(Stored dataset items)
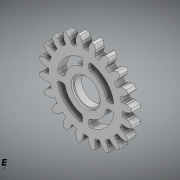
# Autodesk Inventor part: m2z20
Saved by Autodesk Inventor 2020 (Build 240168000, 168)
## iProperties
Created: 2019-12-19
Part Number: m2z20
Material: 一般
Document SubType Name: Modeling
Designer: hamaa
Density: 1 g/cm^3
Appearance: 既定
Author: hamaa
Autodesk Inventor part; units mm, degrees
(part 1 of 2)
ref_plane "YZ Plane" through (0, 0, 0) normal (1, 0, 0) x (0, 1, 0)
ref_plane "XZ Plane" through (0, 0, 0) normal (0, 1, 0) x (-1, 0, 0)
ref_plane "XY Plane" through (0, 0, 0) normal (0, 0, 1) x (1, 0, 0)
sketch "スケッチ1" plane through (0, 0, 0) normal (0, 0, 1) x (1, 0, 0)
  arc A0 (149.7476, 124.0441) -> (149.6952, 123.7559) centre (151.6276, 123.5535) ccw
  arc A1 (150.1104, 125.0278) -> (149.7476, 124.0441) centre (154.9305, 122.6916) ccw
  arc A2 (151.2536, 126.8271) -> (150.1104, 125.0278) centre (158.4906, 120.9661) ccw
  arc A3 (143.8017, 123.4975) -> (143.8409, 123.2073) centre (145.7412, 123.6119) ccw
  arc A4 (143.8427, 124.5452) -> (143.8017, 123.4975) centre (149.1488, 123.8129) ccw
  arc A5 (144.3739, 126.6097) -> (143.8427, 124.5452) centre (153.0679, 123.272) ccw
  arc A6 (138.3156, 121.1404) -> (138.4426, 120.8764) centre (140.1248, 121.8485) ccw
  arc A7 (138.0309, 122.1494) -> (138.3156, 121.1404) centre (143.3036, 123.0926) ccw
  arc A8 (137.8981, 124.2771) -> (138.0309, 122.1494) centre (147.198, 123.7893) ccw
  arc A9 (133.8264, 117.2033) -> (134.0288, 116.9915) centre (135.3283, 118.4358) ccw
  arc A10 (133.2438, 118.0749) -> (133.8264, 117.2033) centre (137.967, 120.6013) ccw
  arc A11 (132.4601, 120.0574) -> (133.2438, 118.0749) centre (141.4555, 122.4673) ccw
  arc A12 (130.7736, 112.0716) -> (131.0315, 111.9328) centre (131.8211, 113.708) ccw
  arc A13 (129.9502, 112.7206) -> (130.7736, 112.0716) centre (133.6615, 116.5829) ccw
  arc A14 (128.5922, 114.3639) -> (129.9502, 112.7206) centre (136.4027, 119.4356) ccw
  arc A15 (129.456, 106.2478) -> (129.7442, 106.1954) centre (129.9466, 108.1277) ccw
  arc A16 (128.4723, 106.6105) -> (129.456, 106.2478) centre (130.8085, 111.4307) ccw
  arc A17 (126.673, 107.7538) -> (128.4723, 106.6105) centre (132.5339, 114.9908) ccw
  arc A18 (130.0025, 100.3018) -> (130.2928, 100.341) centre (129.8882, 102.2413) ccw
  arc A19 (128.9549, 100.3428) -> (130.0025, 100.3018) centre (129.6872, 105.649) ccw
  arc A20 (126.8903, 100.8741) -> (128.9549, 100.3428) centre (130.2281, 109.568) ccw
  arc A21 (132.3597, 94.8158) -> (132.6237, 94.9428) centre (131.6516, 96.625) ccw
  arc A22 (131.3507, 94.531) -> (132.3597, 94.8158) centre (130.4075, 99.8038) ccw
  arc A23 (129.223, 94.3983) -> (131.3507, 94.531) centre (129.7108, 103.6981) ccw
  arc A24 (136.2968, 90.3266) -> (136.5086, 90.529) centre (135.0643, 91.8285) ccw
  arc A25 (135.4252, 89.744) -> (136.2968, 90.3266) centre (132.8988, 94.4672) ccw
  arc A26 (133.4426, 88.9603) -> (135.4252, 89.744) centre (131.0328, 97.9557) ccw
  arc A27 (141.4285, 87.2738) -> (141.5673, 87.5317) centre (139.7921, 88.3213) ccw
  arc A28 (140.7795, 86.4504) -> (141.4285, 87.2738) centre (136.9172, 90.1617) ccw
  arc A29 (139.1362, 85.0923) -> (140.7795, 86.4504) centre (134.0645, 92.9028) ccw
  arc A30 (147.2523, 85.9562) -> (147.3047, 86.2444) centre (145.3724, 86.4467) ccw
  arc A31 (146.8896, 84.9725) -> (147.2523, 85.9562) centre (142.0694, 87.3087) ccw
  arc A32 (145.7463, 83.1731) -> (146.8896, 84.9725) centre (138.5093, 89.0341) ccw
  arc A33 (153.1983, 86.5027) -> (153.159, 86.793) centre (151.2588, 86.3883) ccw
  arc A34 (153.1573, 85.4551) -> (153.1983, 86.5027) centre (147.8511, 86.1874) ccw
  arc A35 (152.626, 83.3905) -> (153.1573, 85.4551) centre (143.9321, 86.7283) ccw
  arc A36 (158.6843, 88.8599) -> (158.5573, 89.1238) centre (156.8751, 88.1518) ccw
  arc A37 (158.9691, 87.8509) -> (158.6843, 88.8599) centre (153.6963, 86.9076) ccw
  arc A38 (159.1018, 85.7232) -> (158.9691, 87.8509) centre (149.8019, 86.211) ccw
  arc A39 (163.1735, 92.797) -> (162.9711, 93.0088) centre (161.6716, 91.5644) ccw
  arc A40 (163.7561, 91.9254) -> (163.1735, 92.797) centre (159.0329, 89.3989) ccw
  arc A41 (164.5398, 89.9428) -> (163.7561, 91.9254) centre (155.5444, 87.5329) ccw
  arc A42 (166.2263, 97.9286) -> (165.9684, 98.0675) centre (165.1788, 96.2923) ccw
  arc A43 (167.0497, 97.2797) -> (166.2263, 97.9286) centre (163.3384, 93.4173) ccw
  arc A44 (168.4077, 95.6364) -> (167.0497, 97.2797) centre (160.5973, 90.5647) ccw
  arc A45 (167.5439, 103.7525) -> (167.2557, 103.8049) centre (167.0533, 101.8725) ccw
  arc A46 (168.5276, 103.3897) -> (167.5439, 103.7525) centre (166.1914, 98.5696) ccw
  arc A47 (170.327, 102.2465) -> (168.5276, 103.3897) centre (164.466, 95.0095) ccw
  arc A48 (166.9974, 109.6984) -> (166.7071, 109.6592) centre (167.1118, 107.7589) ccw
  arc A49 (168.045, 109.6574) -> (166.9974, 109.6984) centre (167.3127, 104.3513) ccw
  arc A50 (170.1096, 109.1262) -> (168.045, 109.6574) centre (166.7718, 100.4322) ccw
  arc A51 (164.6402, 115.1845) -> (164.3763, 115.0575) centre (165.3483, 113.3753) ccw
  arc A52 (165.6492, 115.4692) -> (164.6402, 115.1845) centre (166.5924, 110.1965) ccw
  arc A53 (167.7769, 115.602) -> (165.6492, 115.4692) centre (167.2891, 106.3021) ccw
  arc A54 (160.7031, 119.6736) -> (160.4913, 119.4713) centre (161.9356, 118.1718) ccw
  arc A55 (161.5747, 120.2563) -> (160.7031, 119.6736) centre (164.1012, 115.533) ccw
  arc A56 (163.5573, 121.04) -> (161.5747, 120.2563) centre (165.9672, 112.0445) ccw
  arc A57 (155.5715, 122.7265) -> (155.4326, 122.4686) centre (157.2078, 121.679) ccw
  arc A58 (156.2204, 123.5499) -> (155.5715, 122.7265) centre (160.0827, 119.8386) ccw
  arc A59 (157.8637, 124.9079) -> (156.2204, 123.5499) centre (162.9354, 117.0974) ccw
  arc A60 (147.3047, 123.7559) -> (147.2523, 124.0441) centre (145.3724, 123.5535) ccw
  arc A61 (147.2523, 124.0441) -> (146.8896, 125.0278) centre (142.0694, 122.6916) ccw
  arc A62 (146.8896, 125.0278) -> (145.7463, 126.8271) centre (138.5093, 120.9661) ccw
  arc A63 (141.5673, 122.4686) -> (141.4285, 122.7265) centre (139.7921, 121.679) ccw
  arc A64 (141.4285, 122.7265) -> (140.7795, 123.5499) centre (136.9172, 119.8386) ccw
  arc A65 (140.7795, 123.5499) -> (139.1362, 124.9079) centre (134.0645, 117.0974) ccw
  arc A66 (136.5086, 119.4713) -> (136.2968, 119.6736) centre (135.0643, 118.1718) ccw
  arc A67 (136.2968, 119.6736) -> (135.4252, 120.2563) centre (132.8988, 115.533) ccw
  arc A68 (135.4252, 120.2563) -> (133.4426, 121.04) centre (131.0328, 112.0445) ccw
  arc A69 (132.6237, 115.0575) -> (132.3597, 115.1845) centre (131.6516, 113.3753) ccw
  arc A70 (132.3597, 115.1845) -> (131.3507, 115.4692) centre (130.4075, 110.1965) ccw
  arc A71 (131.3507, 115.4692) -> (129.223, 115.602) centre (129.7108, 106.3021) ccw
  arc A72 (130.2928, 109.6592) -> (130.0025, 109.6984) centre (129.8882, 107.7589) ccw
  arc A73 (130.0025, 109.6984) -> (128.9549, 109.6574) centre (129.6872, 104.3513) ccw
  arc A74 (128.9549, 109.6574) -> (126.8903, 109.1262) centre (130.2281, 100.4322) ccw
  arc A75 (129.7442, 103.8049) -> (129.456, 103.7525) centre (129.9466, 101.8725) ccw
  arc A76 (129.456, 103.7525) -> (128.4723, 103.3897) centre (130.8085, 98.5696) ccw
  arc A77 (128.4723, 103.3897) -> (126.673, 102.2465) centre (132.5339, 95.0095) ccw
  arc A78 (131.0315, 98.0675) -> (130.7736, 97.9286) centre (131.8211, 96.2923) ccw
  arc A79 (130.7736, 97.9286) -> (129.9502, 97.2797) centre (133.6615, 93.4173) ccw
  arc A80 (129.9502, 97.2797) -> (128.5922, 95.6364) centre (136.4027, 90.5647) ccw
  arc A81 (134.0288, 93.0088) -> (133.8264, 92.797) centre (135.3283, 91.5644) ccw
  arc A82 (133.8264, 92.797) -> (133.2438, 91.9254) centre (137.967, 89.3989) ccw
  arc A83 (133.2438, 91.9254) -> (132.4601, 89.9428) centre (141.4555, 87.5329) ccw
  arc A84 (138.4426, 89.1238) -> (138.3156, 88.8599) centre (140.1248, 88.1518) ccw
  arc A85 (138.3156, 88.8599) -> (138.0309, 87.8509) centre (143.3036, 86.9076) ccw
  arc A86 (138.0309, 87.8509) -> (137.8981, 85.7232) centre (147.198, 86.211) ccw
  arc A87 (143.8409, 86.793) -> (143.8017, 86.5027) centre (145.7412, 86.3883) ccw
  arc A88 (143.8017, 86.5027) -> (143.8427, 85.4551) centre (149.1488, 86.1874) ccw
  arc A89 (143.8427, 85.4551) -> (144.3739, 83.3905) centre (153.0679, 86.7283) ccw
  arc A90 (149.6952, 86.2444) -> (149.7476, 85.9562) centre (151.6276, 86.4467) ccw
  arc A91 (149.7476, 85.9562) -> (150.1104, 84.9725) centre (154.9305, 87.3087) ccw
  arc A92 (150.1104, 84.9725) -> (151.2536, 83.1731) centre (158.4906, 89.0341) ccw
  arc A93 (155.4326, 87.5317) -> (155.5715, 87.2738) centre (157.2078, 88.3213) ccw
  arc A94 (155.5715, 87.2738) -> (156.2204, 86.4504) centre (160.0827, 90.1617) ccw
  arc A95 (156.2204, 86.4504) -> (157.8637, 85.0923) centre (162.9354, 92.9028) ccw
  arc A96 (160.4913, 90.529) -> (160.7031, 90.3266) centre (161.9356, 91.8285) ccw
  arc A97 (160.7031, 90.3266) -> (161.5747, 89.744) centre (164.1012, 94.4672) ccw
  arc A98 (161.5747, 89.744) -> (163.5573, 88.9603) centre (165.9672, 97.9557) ccw
  arc A99 (164.3763, 94.9428) -> (164.6402, 94.8158) centre (165.3483, 96.625) ccw
  arc A100 (164.6402, 94.8158) -> (165.6492, 94.531) centre (166.5924, 99.8038) ccw
  arc A101 (165.6492, 94.531) -> (167.7769, 94.3983) centre (167.2891, 103.6981) ccw
  arc A102 (166.7071, 100.341) -> (166.9974, 100.3018) centre (167.1118, 102.2413) ccw
  arc A103 (166.9974, 100.3018) -> (168.045, 100.3428) centre (167.3127, 105.649) ccw
  arc A104 (168.045, 100.3428) -> (170.1096, 100.8741) centre (166.7718, 109.568) ccw
  arc A105 (167.2557, 106.1954) -> (167.5439, 106.2478) centre (167.0533, 108.1277) ccw
  arc A106 (167.5439, 106.2478) -> (168.5276, 106.6105) centre (166.1914, 111.4307) ccw
  arc A107 (168.5276, 106.6105) -> (170.327, 107.7538) centre (164.466, 114.9908) ccw
  arc A108 (165.9684, 111.9328) -> (166.2263, 112.0716) centre (165.1788, 113.708) ccw
  arc A109 (166.2263, 112.0716) -> (167.0497, 112.7206) centre (163.3384, 116.5829) ccw
  arc A110 (167.0497, 112.7206) -> (168.4077, 114.3639) centre (160.5973, 119.4356) ccw
  arc A111 (162.9711, 116.9915) -> (163.1735, 117.2033) centre (161.6716, 118.4358) ccw
  arc A112 (163.1735, 117.2033) -> (163.7561, 118.0749) centre (159.0329, 120.6013) ccw
  arc A113 (163.7561, 118.0749) -> (164.5398, 120.0574) centre (155.5444, 122.4673) ccw
  arc A114 (158.5573, 120.8764) -> (158.6843, 121.1404) centre (156.8751, 121.8485) ccw
  arc A115 (158.6843, 121.1404) -> (158.9691, 122.1494) centre (153.6963, 123.0926) ccw
  arc A116 (158.9691, 122.1494) -> (159.1018, 124.2771) centre (149.8019, 123.7893) ccw
  arc A117 (153.159, 123.2073) -> (153.1983, 123.4975) centre (151.2588, 123.6119) ccw
  arc A118 (153.1983, 123.4975) -> (153.1573, 124.5452) centre (147.8511, 123.8129) ccw
  arc A119 (153.1573, 124.5452) -> (152.626, 126.6097) centre (143.9321, 123.272) ccw
  arc A120 (149.613, 122.4647) -> (147.387, 122.4647) centre (148.5, 105.0001) ccw
  arc A121 (144.1616, 121.9539) -> (142.0446, 121.266) centre (148.5, 105.0001) ccw
  arc A122 (139.135, 119.7835) -> (137.3341, 118.4751) centre (148.5, 105.0001) ccw
  arc A123 (135.025, 116.166) -> (133.7166, 114.3651) centre (148.5, 105.0001) ccw
  arc A124 (132.2341, 111.4555) -> (131.5462, 109.3385) centre (148.5, 105.0001) ccw
  arc A125 (131.0354, 106.1131) -> (131.0354, 103.8871) centre (148.5, 105.0001) ccw
  arc A126 (131.5462, 100.6618) -> (132.2341, 98.5448) centre (148.5, 105.0001) ccw
  arc A127 (133.7166, 95.6351) -> (135.025, 93.8343) centre (148.5, 105.0001) ccw
  arc A128 (137.3341, 91.5252) -> (139.135, 90.2168) centre (148.5, 105.0001) ccw
  arc A129 (142.0446, 88.7343) -> (144.1616, 88.0464) centre (148.5, 105.0001) ccw
  arc A130 (147.387, 87.5356) -> (149.613, 87.5356) centre (148.5, 105.0001) ccw
  arc A131 (152.8383, 88.0464) -> (154.9553, 88.7343) centre (148.5, 105.0001) ccw
  arc A132 (157.8649, 90.2168) -> (159.6658, 91.5252) centre (148.5, 105.0001) ccw
  arc A133 (161.9749, 93.8343) -> (163.2833, 95.6351) centre (148.5, 105.0001) ccw
  arc A134 (164.7658, 98.5448) -> (165.4537, 100.6618) centre (148.5, 105.0001) ccw
  arc A135 (165.9645, 103.8871) -> (165.9645, 106.1131) centre (148.5, 105.0001) ccw
  arc A136 (165.4537, 109.3385) -> (164.7658, 111.4555) centre (148.5, 105.0001) ccw
  arc A137 (163.2833, 114.3651) -> (161.9749, 116.166) centre (148.5, 105.0001) ccw
  arc A138 (159.6658, 118.4751) -> (157.8649, 119.7835) centre (148.5, 105.0001) ccw
  arc A139 (154.9553, 121.266) -> (152.8383, 121.9539) centre (148.5, 105.0001) ccw
  arc A140 (145.7463, 126.8271) -> (144.3739, 126.6097) centre (148.5, 105.0001) ccw
  arc A141 (139.1362, 124.9079) -> (137.8981, 124.2771) centre (148.5, 105.0001) ccw
  arc A142 (133.4426, 121.04) -> (132.4601, 120.0574) centre (148.5, 105.0001) ccw
  arc A143 (129.223, 115.602) -> (128.5922, 114.3639) centre (148.5, 105.0001) ccw
  arc A144 (126.8903, 109.1262) -> (126.673, 107.7538) centre (148.5, 105.0001) ccw
  arc A145 (126.673, 102.2465) -> (126.8903, 100.8741) centre (148.5, 105.0001) ccw
  arc A146 (128.5922, 95.6364) -> (129.223, 94.3983) centre (148.5, 105.0001) ccw
  arc A147 (132.4601, 89.9428) -> (133.4426, 88.9603) centre (148.5, 105.0001) ccw
  arc A148 (137.8981, 85.7232) -> (139.1362, 85.0923) centre (148.5, 105.0001) ccw
  arc A149 (144.3739, 83.3905) -> (145.7463, 83.1731) centre (148.5, 105.0001) ccw
  arc A150 (151.2536, 83.1731) -> (152.626, 83.3905) centre (148.5, 105.0001) ccw
  arc A151 (157.8637, 85.0923) -> (159.1018, 85.7232) centre (148.5, 105.0001) ccw
  arc A152 (163.5573, 88.9603) -> (164.5398, 89.9428) centre (148.5, 105.0001) ccw
  arc A153 (167.7769, 94.3983) -> (168.4077, 95.6364) centre (148.5, 105.0001) ccw
  arc A154 (170.1096, 100.8741) -> (170.327, 102.2465) centre (148.5, 105.0001) ccw
  arc A155 (170.327, 107.7538) -> (170.1096, 109.1262) centre (148.5, 105.0001) ccw
  arc A156 (168.4077, 114.3639) -> (167.7769, 115.602) centre (148.5, 105.0001) ccw
  arc A157 (164.5398, 120.0574) -> (163.5573, 121.04) centre (148.5, 105.0001) ccw
  arc A158 (159.1018, 124.2771) -> (157.8637, 124.9079) centre (148.5, 105.0001) ccw
  arc A159 (152.626, 126.6097) -> (151.2536, 126.8271) centre (148.5, 105.0001) ccw
  line L0 (149.613, 122.4647) -> (149.6952, 123.7559)
  line L1 (144.1616, 121.9539) -> (143.8409, 123.2073)
  line L2 (139.135, 119.7835) -> (138.4426, 120.8764)
  line L3 (135.025, 116.166) -> (134.0288, 116.9915)
  line L4 (132.2341, 111.4555) -> (131.0315, 111.9328)
  line L5 (131.0354, 106.1131) -> (129.7442, 106.1954)
  line L6 (131.5462, 100.6618) -> (130.2928, 100.341)
  line L7 (133.7166, 95.6351) -> (132.6237, 94.9428)
  line L8 (137.3341, 91.5252) -> (136.5086, 90.529)
  line L9 (142.0446, 88.7343) -> (141.5673, 87.5317)
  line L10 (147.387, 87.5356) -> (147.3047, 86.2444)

■ Task: For every line in the data above that has the string "through", return that line.

■ Exercise result:
ref_plane "YZ Plane" through (0, 0, 0) normal (1, 0, 0) x (0, 1, 0)
ref_plane "XZ Plane" through (0, 0, 0) normal (0, 1, 0) x (-1, 0, 0)
ref_plane "XY Plane" through (0, 0, 0) normal (0, 0, 1) x (1, 0, 0)
sketch "スケッチ1" plane through (0, 0, 0) normal (0, 0, 1) x (1, 0, 0)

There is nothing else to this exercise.